Let $X$ be a paracompact Hausdorff space. A sheaf $F$ of groups over $X$ is fine if for every two disjoint closed subsets $A,B\subset X$, $A\cap B = \emptyset$, there is an endomorphism of the sheaf of groups $F\to F$ which restricts to the identity in a neighborhood of $A$ and to the $0$ endomorphism in a neighborhood of $B$. Every fine sheaf is soft.
A slightly different definition is given in Voisin, in Hodge Theory and Complex Algebraic Geometry I, (definition 4.35):
:A fine sheaf $\mathcal{F}$ over $X$ is a sheaf of $\mathcal{A}$-modules, where $\mathcal{A}$ is a sheaf of rings such that, for every open cover $U_i$ of $X$, there is a partition of unity $1 = \sum f_i$ (where the sum is locally finite) subordinate to this covering.

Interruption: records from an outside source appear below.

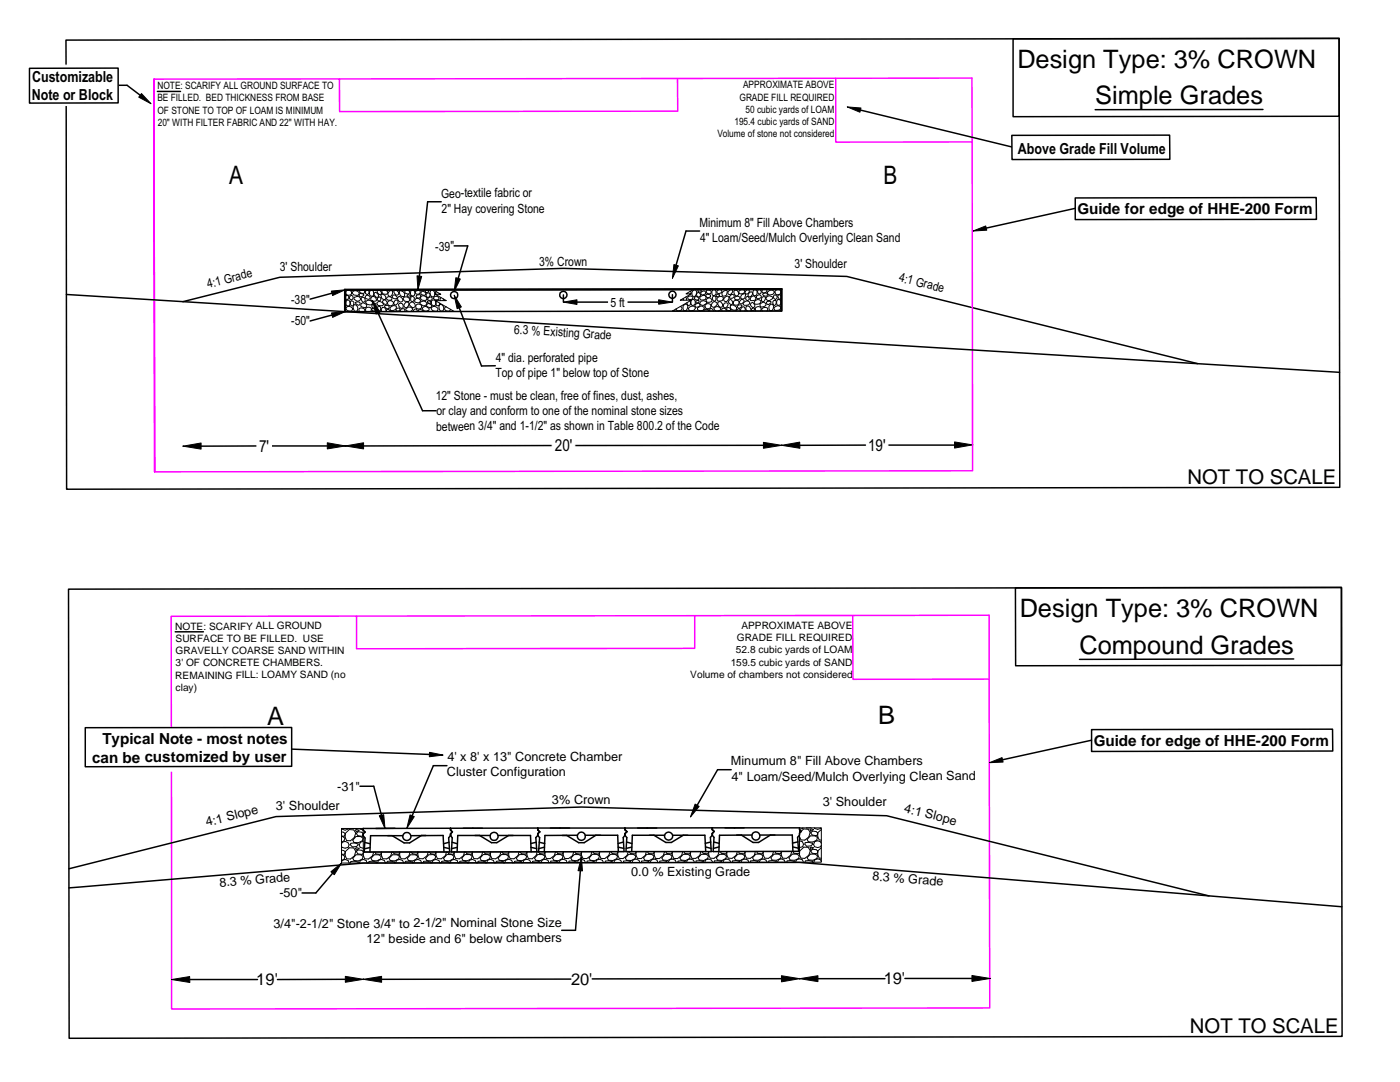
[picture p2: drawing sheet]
<svg xmlns="http://www.w3.org/2000/svg" width="279mm" height="216mm" viewBox="0 0 279 216" stroke-linecap="round" stroke-linejoin="round" font-family="sans-serif">
<g fill="none" stroke="#000" stroke-width=".3">
<path d="M13.2 8l254.1-.3 .1 89.5-254.1 .4zM202.2 7.7h65.1v15.5l-65.1 .1zM252.1 21.8l-33.5 .1M36.5 60.2l19.3-4.9 56.6-1.7 56.6 1.6 70 17.4M156 88.9h.1M173.4 88.8l-13.8 .1M176.7 88.8h13.8M194.1 88.8h.1M13.7 117.6l254-.4 .1 89.6-254 .4zM202.6 117.3l65.1-.1v15.6h-65zM35 126.1h5.6M258.2 131.5l-42.8 .1"/>
<path d="M71.8 156.9h2.8l1.5 5.7M89.2 152.8h-2.7l-4.2 10M145.9 153.6h-2.7l-4.1 7.1M13.8 177.2l58.7-5 87.1-.1 108.2 8.8M13.8 173.4l41.3-10.5 60.9-1.9 61 1.8 64.3 16M66.4 174.2l-3.4 4h-2.7M72.8 168.1l1.1 .3M73.8 169.1l-1.1 .3M76.9 165.3h.1M78.8 165.3h-3.8M80.4 166.8h-6.4l-.2 3.2M82 166.8l6.4-.1 .2 3.3"/>
<path d="M85 166.7h-.9l-2.4 1.5h-1.1l-2.3-1.4M88.6 169.1l1.1 .2M89.6 168.1l-1.1 .3M89.9 165.3h-17.4v.3l.4 .4-.4 .4v.4l.4 .4-.2 2.8h17l-.2-2.8 .4-.5M89.9 165.6l.4 .4-.4 .4M89.9 165.3v.4M89.9 166.4v.3M89.9 166.7l.4 .5-.2 2.8h17l-.2-2.9 .4-.4M90.2 168.1l1.1 .3M90.3 166l-.4 .4M91.3 169.1l-1.2 .2M95.7 166.7l2.4 1.4h1l2.4-1.4"/>
<path d="M97.8 166.7h-6.4l-.2 3.3M99.4 166.7h6.5l.1 3.3M106 169.1l1.1 .2M107 168.1l-1.1 .2M107.3 165.2v.4l.4 .4M107.3 165.6l.4 .4M107.6 168.1l1.1 .2M107.7 166l-.4 .3v.4M107.7 166l-.4 .4M108.7 169l-1.2 .3M115.2 166.7h-6.4l-.2 3.3M115.8 173.7l-.9 11.9h-2.8"/>
<path d="M116.8 166.7h6.5l.1 3.2M118.9 166.7l-2.3 1.4h-1.1l-2.4-1.4h-.9M123.4 169l1.1 .3M124.4 168l-1 .3M124.7 165.2l-34.8 .1M124.7 166.7l-.3 .4 .1 2.8-17 .1 .2-2.9-.4-.4M124.7 166.7l.4 .4-.2 2.8h17l-.1-2.8 .4-.4M124.7 165.6l.4 .3M124.7 165.2v.4M124.7 166.3v.4M124.7 165.5l.4 .4-.4 .5M124.7 165.2h34.9v.3l.3 .4-.3 .3v.4l-.4 .5 .2 2.8h-17.1l.2-2.8-.3-.4"/>
<path d="M125.1 168l1 .3M126.1 169l-1.1 .3M127.3 165.2h3.8M130.5 166.7l2.4 1.4h1.1l2.4-1.4M132.6 166.7h-6.4l-.1 3.2M134.2 166.7h6.5l.1 3.2M140.8 169l1.1 .3M141.9 168l-1.1 .3M142.2 165.6l.3 .3-.3 .4v.4M142.2 165.2v.4M142.2 165.5l.3 .4-.3 .4M142.5 168l1 .3"/>
<path d="M143.5 169l-1.1 .3M147 166.6h1l2.3 1.5h1.1l2.4-1.5M150 166.6l-6.4 .1-.1 3.2M151.6 166.6h6.5l.1 3.3M158.2 169l1.1 .2M159.3 168l-1.1 .2M34.2 195.5h.1M37.9 195.5h13.5M68.9 195.4l-13.5 .1M72.5 195.4h.1M113.9 195.4h-37.7M156 195.3h-37.8"/>
<path d="M159.6 195.3h.1M163.2 195.3h13.4M180.6 195.2h13.4M197.6 195.2h.1"/>
<circle cx="81.2" cy="166.9" r=".81"/>
<circle cx="98.6" cy="166.9" r=".8"/>
<circle cx="116" cy="166.9" r=".83"/>
<circle cx="133.4" cy="166.8" r=".81"/>
<circle cx="150.9" cy="166.8" r=".81"/>
</g>
<path d="M34.2 123l37-.1v6.6l67.4-.1v-6.5l31.6-.1v12.8l27.2-.1 .1 65.6-163.3 .2zM138.6 122.9h-67.4M170.2 122.8h27.2v12.7" fill="none" stroke="#f0f" stroke-width=".3"/>
<g fill="#000">
<path d="M156 88.9l3.6-.7v1.3zM190.5 88.2l3.6 .6-3.6 .6zM66 173.9l2.2-1.7-1.5 2.3zM75.7 162.8l.9-.2 .2 2.7zM81.8 162.6l.9 .3-1.5 2.4zM116 171l.2 2.8-.8-.1zM138.7 160.4l.8 .5-1.7 2.1zM34.2 195.5l3.6-.6 .1 1.1zM68.9 194.8l3.6 .6-3.6 .6zM72.5 195.4l3.7-.6v1.2zM156 194.7l3.6 .6-3.6 .6zM159.6 195.3l3.6-.6v1.2z"/>
<path d="M194 194.6l3.6 .6-3.6 .6z"/>
</g>
<g fill="none" stroke="#000" stroke-width=".2">
<path d="M156 88.9l3.6-.7v1.3zM190.5 88.2l3.6 .6-3.6 .6zM66 173.9l2.2-1.7-1.5 2.3zM68.2 165.3h4.3v4.7l87.1-.1v-4.7h4.3v6.8l-95.7 .2zM68.2 166l.4 .1 .3 .2-.2 .6-.5-.1M68.2 169.6l.7 .3-.2 .6-.5-.1M68.2 168.4l.1-.3 .6-.2 .5 .2 .3 .5-.2 .5-.6 .1-.7-.1v-.3M68.2 172l.1-.3 .6-.2 .6 .2 .2 .5M68.2 170.6l.6 .3-.1 .5-.5 .3M68.2 166.9l.6 .4-.1 .5-.5 .3M68.2 165.3l.7 .4 .6-.4M68.9 166.3l.8-.8 .9 .1 .4 .6-.3 .9-.8 .7-.7-.1-.3-.7z"/>
<path d="M68.9 169.9l.8-.7h.9l.4 .7-.3 .9-.8 .6h-.7l-.3-.7zM69.7 172.2h.1M69.9 172.2l.1-.3 .7-.1 .8 .2v.2M70 168.3l.7-.1 .8 .2v.2l-.3 .3-.9 .1-.4-.4zM70.2 165.3h1M71 165.6l.7 .1-.6 .3zM71 169.2l.7 .1-.6 .3zM71 166.9h1l.5 .4-.2 .5-.8 .3h-.8l-.3-.5zM71 170.6h1l.5 .3-.2 .5-.8 .4-.8-.1-.3-.4zM71.7 168.6l.2 .5 .6 .1M71.8 165.3l.7 .3M72.5 166.3l-.3-.2-.7-.2-.4 .4 .3 .5 .9 .1 .2-.4"/>
<path d="M72.5 169.9l-.3-.2-.7-.1-.4 .3 .3 .5 .9 .1 .2-.3M72.5 169.2h.1M72.5 165.6h.1M72.5 167.9l-.6 .2-.2 .5M72.5 170v.7l.3 .7h.7l.8-.6 .3-.8M73.3 172.2l-.2-.5-.6-.2-.6 .2-.2 .5M73.5 172.2l.2-.3 .6-.1 .8 .2v.2M74.7 170.6h.9l.5 .3-.2 .5-.7 .4-.9-.1-.3-.4zM74.8 170l.2 .4 .9 .1 .3-.5-.1 .6 .3 .8h.8M75.3 172.2l.3-.5 .5-.2 .6 .2 .3 .5M75.7 162.8l.9-.2 .2 2.7zM77.2 172.2l.1-.3 .7-.1 .7 .2 .1 .2"/>
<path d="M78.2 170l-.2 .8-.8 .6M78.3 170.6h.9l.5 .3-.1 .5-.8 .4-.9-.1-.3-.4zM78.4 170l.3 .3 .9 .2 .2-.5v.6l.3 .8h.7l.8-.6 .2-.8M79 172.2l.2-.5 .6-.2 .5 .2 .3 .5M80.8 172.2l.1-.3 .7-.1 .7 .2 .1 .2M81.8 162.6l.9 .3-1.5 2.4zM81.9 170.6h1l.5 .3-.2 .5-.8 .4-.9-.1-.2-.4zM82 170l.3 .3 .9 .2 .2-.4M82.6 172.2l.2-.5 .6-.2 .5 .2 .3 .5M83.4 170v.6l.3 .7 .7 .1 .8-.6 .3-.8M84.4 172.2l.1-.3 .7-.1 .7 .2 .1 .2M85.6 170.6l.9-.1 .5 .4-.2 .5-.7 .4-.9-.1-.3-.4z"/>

David Speyer asks: Voisin, in Hodge Theory and Complex Algebraic Geometry I, definition 4.35 makes a different definition of fine sheaf. I can see that they are related, but I can’t see precisely what the relation is.
A fine sheaf $\mathcal{F}$ over $X$ is a sheaf of $\mathcal{A}$-modules, where $\mathcal{A}$ is a sheaf of rings such that, for every open cover $U_i$ of $X$, there is a partition of unity $1 = \sum f_i$ (where the sum is locally finite) subordinate to this covering.
A technical point: I infer from context that, for Voisin, being subordinate to $U_i$ means that, for each $U_i$, there is an open set $V_i$ such that $X = U_i \cup V_i$ and $f|_{V_i}=0$. This is slightly stronger than requiring that $f|_{X \setminus U_i} =0$. When working on a regular (T3) space, I believe that, if partitions of unity exist in the weaker sense, than they also exist in the stronger sense.
Zoran: paracompact Hausdorff space is automatically normal (Dieudonne’s theorem) so a fortiori $T_3$. A partition of unity subordinate to the covering means as usual that for each $i$ there is $j$ such that $supp f_i \subset U_j$. Thanks for the other correction.